Your assignment
Locate the line that contains "line L117 (13.6, 8.3138) -> (17, 10.2768)", then copy it and all later lines of the data below exactly, through the last one.

Dataset records
Content starts

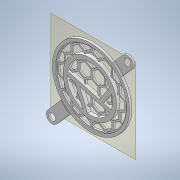
# Autodesk Inventor part: Rear Left Fan Cover
Saved by Autodesk Inventor 2020 (Build 240168000, 168)
## iProperties
Created: 2019-11-19
Part Number: Rear Left Fan Cover
Material: Generic
Document SubType Name: Modeling
Designer: pepd9
Density: 1 g/cm^3
Appearance: Default
Author: pepd9
Autodesk Inventor part; units mm, degrees
ref_plane "YZ Plane" through (0, 0, 0) normal (1, 0, 0) x (0, 1, 0)
ref_plane "XZ Plane" through (0, 0, 0) normal (0, 1, 0) x (-1, 0, 0)
ref_plane "XY Plane" through (0, 0, 0) normal (0, 0, 1) x (1, 0, 0)
sketch "Sketch1" plane through (0, 0, 0) normal (0, 0, 1) x (1, 0, 0)
  circle A0 centre (0, 0) radius 17.5
  circle A1 centre (0, 0) radius 19.5
  dimension "d0" = 35
  dimension "d1" = 2
  constraints: 2 centre point, 1 coincident
  measures "d0" diameter of A0
  measures "d1" radial gap between concentric circles of A0 A1
extrude "Extrusion1" add sketch "Sketch1" along normal blind 0.8
ref_plane "Work Plane1" through (0, 0, 0) normal (0, 0, 1) x (1, 0, 0)
sketch "Sketch2" plane through (0, 0, 0) normal (0, 0, 1) x (1, 0, 0)
  line L0 (0, 3.4641) -> (3, 1.7321)
  line L1 (3, 1.7321) -> (3, -1.7321)
  line L2 (3, -1.7321) -> (0, -3.4641)
  line L3 (0, -3.4641) -> (-3, -1.7321)
  line L4 (-3, -1.7321) -> (-3, 1.7321)
  line L5 (-3, 1.7321) -> (0, 3.4641)
  line L6 (0, 4.3879) -> (3.8, 2.1939)
  line L7 (3.8, 2.1939) -> (3.8, -2.1939)
  line L8 (3.8, -2.1939) -> (0, -4.3879)
  line L9 (0, -4.3879) -> (-3.8, -2.1939)
  line L10 (-3.8, -2.1939) -> (-3.8, 2.1939)
  line L11 (-3.8, 2.1939) -> (0, 4.3879)
  line L12 (26.5453, -9.9641) -> (29.5453, -11.6962)
  line L13 (29.5453, -11.6962) -> (29.5453, -15.1603)
  line L14 (29.5453, -15.1603) -> (26.5453, -16.8923)
  line L15 (26.5453, -16.8923) -> (23.5453, -15.1603)
  line L16 (23.5453, -15.1603) -> (23.5453, -11.6962)
  line L17 (23.5453, -11.6962) -> (26.5453, -9.9641)
  line L18 (26.5453, -9.0403) -> (30.3453, -11.2343)
  line L19 (30.3453, -11.2343) -> (30.3453, -15.6221)
  line L20 (30.3453, -15.6221) -> (26.5453, -17.8161)
  line L21 (26.5453, -17.8161) -> (22.7453, -15.6221)
  line L22 (22.7453, -15.6221) -> (22.7453, -11.2343)
  line L23 (22.7453, -11.2343) -> (26.5453, -9.0403)
  line L24 (-6.8, 3.4641) -> (-3.8, 1.7321)
  line L25 (-3.8, 1.7321) -> (-3.8, -1.7321)
  line L26 (-3.8, -1.7321) -> (-6.8, -3.4641)
  line L27 (-6.8, -3.4641) -> (-9.8, -1.7321)
  line L28 (-9.8, -1.7321) -> (-9.8, 1.7321)
  line L29 (-9.8, 1.7321) -> (-6.8, 3.4641)
  line L30 (-6.8, 4.3879) -> (-3, 2.1939)
  line L31 (-3, 2.1939) -> (-3, -2.1939)
  line L32 (-3, -2.1939) -> (-6.8, -4.3879)
  line L33 (-6.8, -4.3879) -> (-10.6, -2.1939)
  line L34 (-10.6, -2.1939) -> (-10.6, 2.1939)
  line L35 (-10.6, 2.1939) -> (-6.8, 4.3879)
  line L36 (-13.6, 3.4641) -> (-10.6, 1.7321)
  line L37 (-10.6, 1.7321) -> (-10.6, -1.7321)
  line L38 (-10.6, -1.7321) -> (-13.6, -3.4641)
  line L39 (-13.6, -3.4641) -> (-16.6, -1.7321)
  line L40 (-16.6, -1.7321) -> (-16.6, 1.7321)
  line L41 (-16.6, 1.7321) -> (-13.6, 3.4641)
  line L42 (-13.6, 4.3879) -> (-9.8, 2.1939)
  line L43 (-9.8, 2.1939) -> (-9.8, -2.1939)
  line L44 (-9.8, -2.1939) -> (-13.6, -4.3879)
  line L45 (-13.6, -4.3879) -> (-17.4, -2.1939)
  line L46 (-17.4, -2.1939) -> (-17.4, 2.1939)
  line L47 (-17.4, 2.1939) -> (-13.6, 4.3879)
  line L48 (-20.4, 3.4641) -> (-17.4, 1.7321)
  line L49 (-17.4, 1.7321) -> (-17.4, -1.7321)
  line L50 (-17.4, -1.7321) -> (-20.4, -3.4641)
  line L51 (-20.4, -3.4641) -> (-23.4, -1.7321)
  line L52 (-23.4, -1.7321) -> (-23.4, 1.7321)
  line L53 (-23.4, 1.7321) -> (-20.4, 3.4641)
  line L54 (-20.4, 4.3879) -> (-16.6, 2.1939)
  line L55 (-16.6, 2.1939) -> (-16.6, -2.1939)
  line L56 (-16.6, -2.1939) -> (-20.4, -4.3879)
  line L57 (-20.4, -4.3879) -> (-24.2, -2.1939)
  line L58 (-24.2, -2.1939) -> (-24.2, 2.1939)
  line L59 (-24.2, 2.1939) -> (-20.4, 4.3879)
  line L60 (6.8, 3.4641) -> (9.8, 1.7321)
  line L61 (9.8, 1.7321) -> (9.8, -1.7321)
  line L62 (9.8, -1.7321) -> (6.8, -3.4641)
  line L63 (6.8, -3.4641) -> (3.8, -1.7321)
  line L64 (3.8, -1.7321) -> (3.8, 1.7321)
  line L65 (3.8, 1.7321) -> (6.8, 3.4641)
  line L66 (6.8, 4.3879) -> (10.6, 2.1939)
  line L67 (10.6, 2.1939) -> (10.6, -2.1939)
  line L68 (10.6, -2.1939) -> (6.8, -4.3879)
  line L69 (6.8, -4.3879) -> (3, -2.1939)
  line L70 (3, -2.1939) -> (3, 2.1939)
  line L71 (3, 2.1939) -> (6.8, 4.3879)
  line L72 (13.6, 3.4641) -> (16.6, 1.7321)
  line L73 (16.6, 1.7321) -> (16.6, -1.7321)
  line L74 (16.6, -1.7321) -> (13.6, -3.4641)
  line L75 (13.6, -3.4641) -> (10.6, -1.7321)
  line L76 (10.6, -1.7321) -> (10.6, 1.7321)
  line L77 (10.6, 1.7321) -> (13.6, 3.4641)
  line L78 (13.6, 4.3879) -> (17.4, 2.1939)
  line L79 (17.4, 2.1939) -> (17.4, -2.1939)
  line L80 (17.4, -2.1939) -> (13.6, -4.3879)
  line L81 (13.6, -4.3879) -> (9.8, -2.1939)
  line L82 (9.8, -2.1939) -> (9.8, 2.1939)
  line L83 (9.8, 2.1939) -> (13.6, 4.3879)
  line L84 (17.4, -2.1939) -> (17.4, 2.1939)
  line L85 (10.2, 9.3531) -> (13.2, 7.621)
  line L86 (13.2, 7.621) -> (13.2, 4.1569)
  line L87 (7.2, 4.1569) -> (7.2, 7.621)
  line L88 (7.2, 7.621) -> (10.2, 9.3531)
  line L89 (10.2, 10.2768) -> (14, 8.0829)
  line L90 (14, 8.0829) -> (14, 4.1569)
  line L91 (6.4, 4.1569) -> (6.4, 8.0829)
  line L92 (6.4, 8.0829) -> (10.2, 10.2768)
  line L93 (3.4, 9.3531) -> (6.4, 7.621)
  line L94 (0.4, 4.1569) -> (0.4, 7.621)
  line L95 (0.4, 7.621) -> (3.4, 9.3531)
  line L96 (3.4, 10.2768) -> (6.8, 8.3138)
  line L97 (-0.4, 4.1569) -> (-0.4, 8.0829)
  line L98 (-0.4, 8.0829) -> (3.4, 10.2768)
  line L99 (-3.4, 9.3531) -> (-0.4, 7.621)
  line L100 (-6.4, 4.1569) -> (-6.4, 7.621)
  line L101 (-6.4, 7.621) -> (-3.4, 9.3531)
  line L102 (-3.4, 10.2768) -> (0, 8.3138)
  line L103 (-7.2, 4.1569) -> (-7.2, 8.0829)
  line L104 (-7.2, 8.0829) -> (-3.4, 10.2768)
  line L105 (-10.2, 9.3531) -> (-7.2, 7.621)
  line L106 (-13.2, 4.1569) -> (-13.2, 7.621)
  line L107 (-13.2, 7.621) -> (-10.2, 9.3531)
  line L108 (-10.2, 10.2768) -> (-6.8, 8.3138)
  line L109 (-14, 4.1569) -> (-14, 8.0829)
  line L110 (-14, 8.0829) -> (-10.2, 10.2768)
  line L111 (-17, 9.3531) -> (-14, 7.621)
  line L112 (-20, 4.1569) -> (-20, 7.621)
  line L113 (-20, 7.621) -> (-17, 9.3531)
  line L114 (-17, 10.2768) -> (-13.6, 8.3138)
  line L115 (-20.8, 3.695) -> (-20.8, 8.0829)
  line L116 (-20.8, 8.0829) -> (-17, 10.2768)
  line L117 (13.6, 8.3138) -> (17, 10.2768)
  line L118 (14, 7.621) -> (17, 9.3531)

Content ends

Result
  line L117 (13.6, 8.3138) -> (17, 10.2768)
  line L118 (14, 7.621) -> (17, 9.3531)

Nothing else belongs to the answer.